### Working data ###

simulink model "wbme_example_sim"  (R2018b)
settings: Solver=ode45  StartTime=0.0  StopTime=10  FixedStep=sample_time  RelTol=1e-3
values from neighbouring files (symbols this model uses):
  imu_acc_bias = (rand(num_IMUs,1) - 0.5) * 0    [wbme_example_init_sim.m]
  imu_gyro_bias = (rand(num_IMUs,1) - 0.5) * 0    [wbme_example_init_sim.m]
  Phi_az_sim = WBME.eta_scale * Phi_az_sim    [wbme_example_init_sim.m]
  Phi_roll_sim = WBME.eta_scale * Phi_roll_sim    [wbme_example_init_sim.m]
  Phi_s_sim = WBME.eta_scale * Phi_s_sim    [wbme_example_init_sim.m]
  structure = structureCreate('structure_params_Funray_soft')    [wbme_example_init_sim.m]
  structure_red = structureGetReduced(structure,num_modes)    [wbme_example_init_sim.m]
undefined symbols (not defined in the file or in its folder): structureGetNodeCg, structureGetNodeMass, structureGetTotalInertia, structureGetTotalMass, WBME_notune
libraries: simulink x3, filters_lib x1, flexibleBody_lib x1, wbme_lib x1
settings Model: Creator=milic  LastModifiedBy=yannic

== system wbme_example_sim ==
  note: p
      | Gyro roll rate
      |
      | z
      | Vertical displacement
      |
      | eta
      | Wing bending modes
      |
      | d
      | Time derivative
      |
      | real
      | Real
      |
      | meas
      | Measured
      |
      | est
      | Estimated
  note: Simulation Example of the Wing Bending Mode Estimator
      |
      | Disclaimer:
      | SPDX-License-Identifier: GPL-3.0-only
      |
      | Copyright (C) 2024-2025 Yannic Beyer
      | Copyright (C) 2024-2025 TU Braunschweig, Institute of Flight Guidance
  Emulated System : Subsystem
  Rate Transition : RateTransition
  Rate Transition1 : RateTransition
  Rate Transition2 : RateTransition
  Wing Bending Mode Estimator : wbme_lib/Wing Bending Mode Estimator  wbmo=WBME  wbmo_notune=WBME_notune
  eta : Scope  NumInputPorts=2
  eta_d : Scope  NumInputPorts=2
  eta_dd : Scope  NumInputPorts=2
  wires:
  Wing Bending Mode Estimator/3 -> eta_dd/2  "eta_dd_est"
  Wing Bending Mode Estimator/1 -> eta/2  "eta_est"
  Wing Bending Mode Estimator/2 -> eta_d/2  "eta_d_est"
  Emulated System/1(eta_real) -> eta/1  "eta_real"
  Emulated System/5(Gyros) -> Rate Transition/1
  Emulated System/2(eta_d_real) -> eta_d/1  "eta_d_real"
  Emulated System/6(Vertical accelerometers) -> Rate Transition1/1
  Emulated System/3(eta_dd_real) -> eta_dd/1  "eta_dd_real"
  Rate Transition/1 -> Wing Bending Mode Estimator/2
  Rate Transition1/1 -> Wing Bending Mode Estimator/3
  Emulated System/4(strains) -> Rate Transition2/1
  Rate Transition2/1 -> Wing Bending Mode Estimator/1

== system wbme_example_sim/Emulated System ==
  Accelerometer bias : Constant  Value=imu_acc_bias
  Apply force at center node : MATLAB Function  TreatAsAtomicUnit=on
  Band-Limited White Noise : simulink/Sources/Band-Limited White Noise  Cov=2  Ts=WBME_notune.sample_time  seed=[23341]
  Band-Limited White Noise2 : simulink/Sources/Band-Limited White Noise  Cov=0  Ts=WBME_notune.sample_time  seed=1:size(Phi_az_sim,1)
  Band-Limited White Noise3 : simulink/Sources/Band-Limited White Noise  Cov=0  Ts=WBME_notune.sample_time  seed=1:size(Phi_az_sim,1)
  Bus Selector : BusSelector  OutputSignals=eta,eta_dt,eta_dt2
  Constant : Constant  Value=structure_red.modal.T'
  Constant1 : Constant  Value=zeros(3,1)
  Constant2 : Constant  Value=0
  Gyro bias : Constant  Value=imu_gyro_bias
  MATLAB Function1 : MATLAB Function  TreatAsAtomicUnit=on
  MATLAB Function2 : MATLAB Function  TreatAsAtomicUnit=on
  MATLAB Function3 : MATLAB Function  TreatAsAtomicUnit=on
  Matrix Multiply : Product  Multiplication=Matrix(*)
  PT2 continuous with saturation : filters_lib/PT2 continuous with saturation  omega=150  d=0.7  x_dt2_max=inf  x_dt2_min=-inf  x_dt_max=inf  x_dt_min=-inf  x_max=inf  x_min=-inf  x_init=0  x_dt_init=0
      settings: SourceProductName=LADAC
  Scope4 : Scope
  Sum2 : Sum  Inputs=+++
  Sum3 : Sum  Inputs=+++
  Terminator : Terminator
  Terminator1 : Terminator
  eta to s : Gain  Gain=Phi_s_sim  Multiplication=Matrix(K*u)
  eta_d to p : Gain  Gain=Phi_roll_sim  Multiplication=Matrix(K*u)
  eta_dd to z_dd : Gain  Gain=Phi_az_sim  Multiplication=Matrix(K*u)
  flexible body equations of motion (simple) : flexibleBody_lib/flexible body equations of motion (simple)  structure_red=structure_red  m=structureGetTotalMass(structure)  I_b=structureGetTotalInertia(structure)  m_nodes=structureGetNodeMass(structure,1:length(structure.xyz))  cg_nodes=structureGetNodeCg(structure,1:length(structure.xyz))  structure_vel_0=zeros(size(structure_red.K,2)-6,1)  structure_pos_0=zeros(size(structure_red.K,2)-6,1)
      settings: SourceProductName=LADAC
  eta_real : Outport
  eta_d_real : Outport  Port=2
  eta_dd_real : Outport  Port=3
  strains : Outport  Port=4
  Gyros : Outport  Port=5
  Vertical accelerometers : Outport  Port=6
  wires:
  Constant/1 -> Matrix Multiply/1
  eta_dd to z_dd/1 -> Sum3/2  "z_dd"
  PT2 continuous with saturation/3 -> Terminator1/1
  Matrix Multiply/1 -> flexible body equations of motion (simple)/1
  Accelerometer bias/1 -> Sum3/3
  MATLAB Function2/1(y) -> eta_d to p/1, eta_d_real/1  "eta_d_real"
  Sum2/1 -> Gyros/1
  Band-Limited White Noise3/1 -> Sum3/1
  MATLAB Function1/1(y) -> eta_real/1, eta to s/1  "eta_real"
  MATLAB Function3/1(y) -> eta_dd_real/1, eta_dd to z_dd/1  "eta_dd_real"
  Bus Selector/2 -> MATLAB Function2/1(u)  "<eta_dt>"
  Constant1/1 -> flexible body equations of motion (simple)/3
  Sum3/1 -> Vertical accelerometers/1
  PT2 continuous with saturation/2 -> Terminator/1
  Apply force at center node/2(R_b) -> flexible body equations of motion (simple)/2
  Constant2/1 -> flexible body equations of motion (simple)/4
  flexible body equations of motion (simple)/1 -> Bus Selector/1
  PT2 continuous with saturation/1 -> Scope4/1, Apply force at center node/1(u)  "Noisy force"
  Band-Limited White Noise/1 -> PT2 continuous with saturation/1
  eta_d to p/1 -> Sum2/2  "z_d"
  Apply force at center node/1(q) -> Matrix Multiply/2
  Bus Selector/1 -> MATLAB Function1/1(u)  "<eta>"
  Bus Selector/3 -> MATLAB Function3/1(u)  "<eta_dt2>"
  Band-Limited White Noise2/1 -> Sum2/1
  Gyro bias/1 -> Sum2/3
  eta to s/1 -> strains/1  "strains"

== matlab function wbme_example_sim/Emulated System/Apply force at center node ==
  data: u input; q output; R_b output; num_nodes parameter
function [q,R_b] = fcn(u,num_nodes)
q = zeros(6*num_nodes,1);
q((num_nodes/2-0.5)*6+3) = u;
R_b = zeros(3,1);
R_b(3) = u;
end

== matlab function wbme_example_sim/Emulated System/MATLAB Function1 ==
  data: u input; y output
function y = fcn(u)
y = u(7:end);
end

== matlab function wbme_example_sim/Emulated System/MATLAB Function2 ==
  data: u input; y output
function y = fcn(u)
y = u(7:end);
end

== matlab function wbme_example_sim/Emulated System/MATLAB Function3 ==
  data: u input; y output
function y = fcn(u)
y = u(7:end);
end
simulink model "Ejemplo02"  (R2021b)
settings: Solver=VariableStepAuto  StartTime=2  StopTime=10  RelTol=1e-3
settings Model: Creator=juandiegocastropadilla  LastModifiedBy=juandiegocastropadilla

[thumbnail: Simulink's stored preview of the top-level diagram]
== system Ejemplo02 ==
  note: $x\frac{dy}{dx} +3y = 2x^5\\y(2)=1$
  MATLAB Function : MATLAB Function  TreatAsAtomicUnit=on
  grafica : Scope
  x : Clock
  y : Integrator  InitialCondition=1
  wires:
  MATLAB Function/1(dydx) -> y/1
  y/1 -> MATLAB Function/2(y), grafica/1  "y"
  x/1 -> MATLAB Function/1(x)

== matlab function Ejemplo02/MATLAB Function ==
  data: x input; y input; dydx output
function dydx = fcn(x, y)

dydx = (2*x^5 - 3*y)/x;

###

[Problem to solve]: Extract, exactly, the lines above that begin at the line containing "y/1 -> MATLAB" and end at the final line of the records; add no other text.

[Solution to this problem]:
  y/1 -> MATLAB Function/2(y), grafica/1  "y"
  x/1 -> MATLAB Function/1(x)

== matlab function Ejemplo02/MATLAB Function ==
  data: x input; y input; dydx output
function dydx = fcn(x, y)

dydx = (2*x^5 - 3*y)/x;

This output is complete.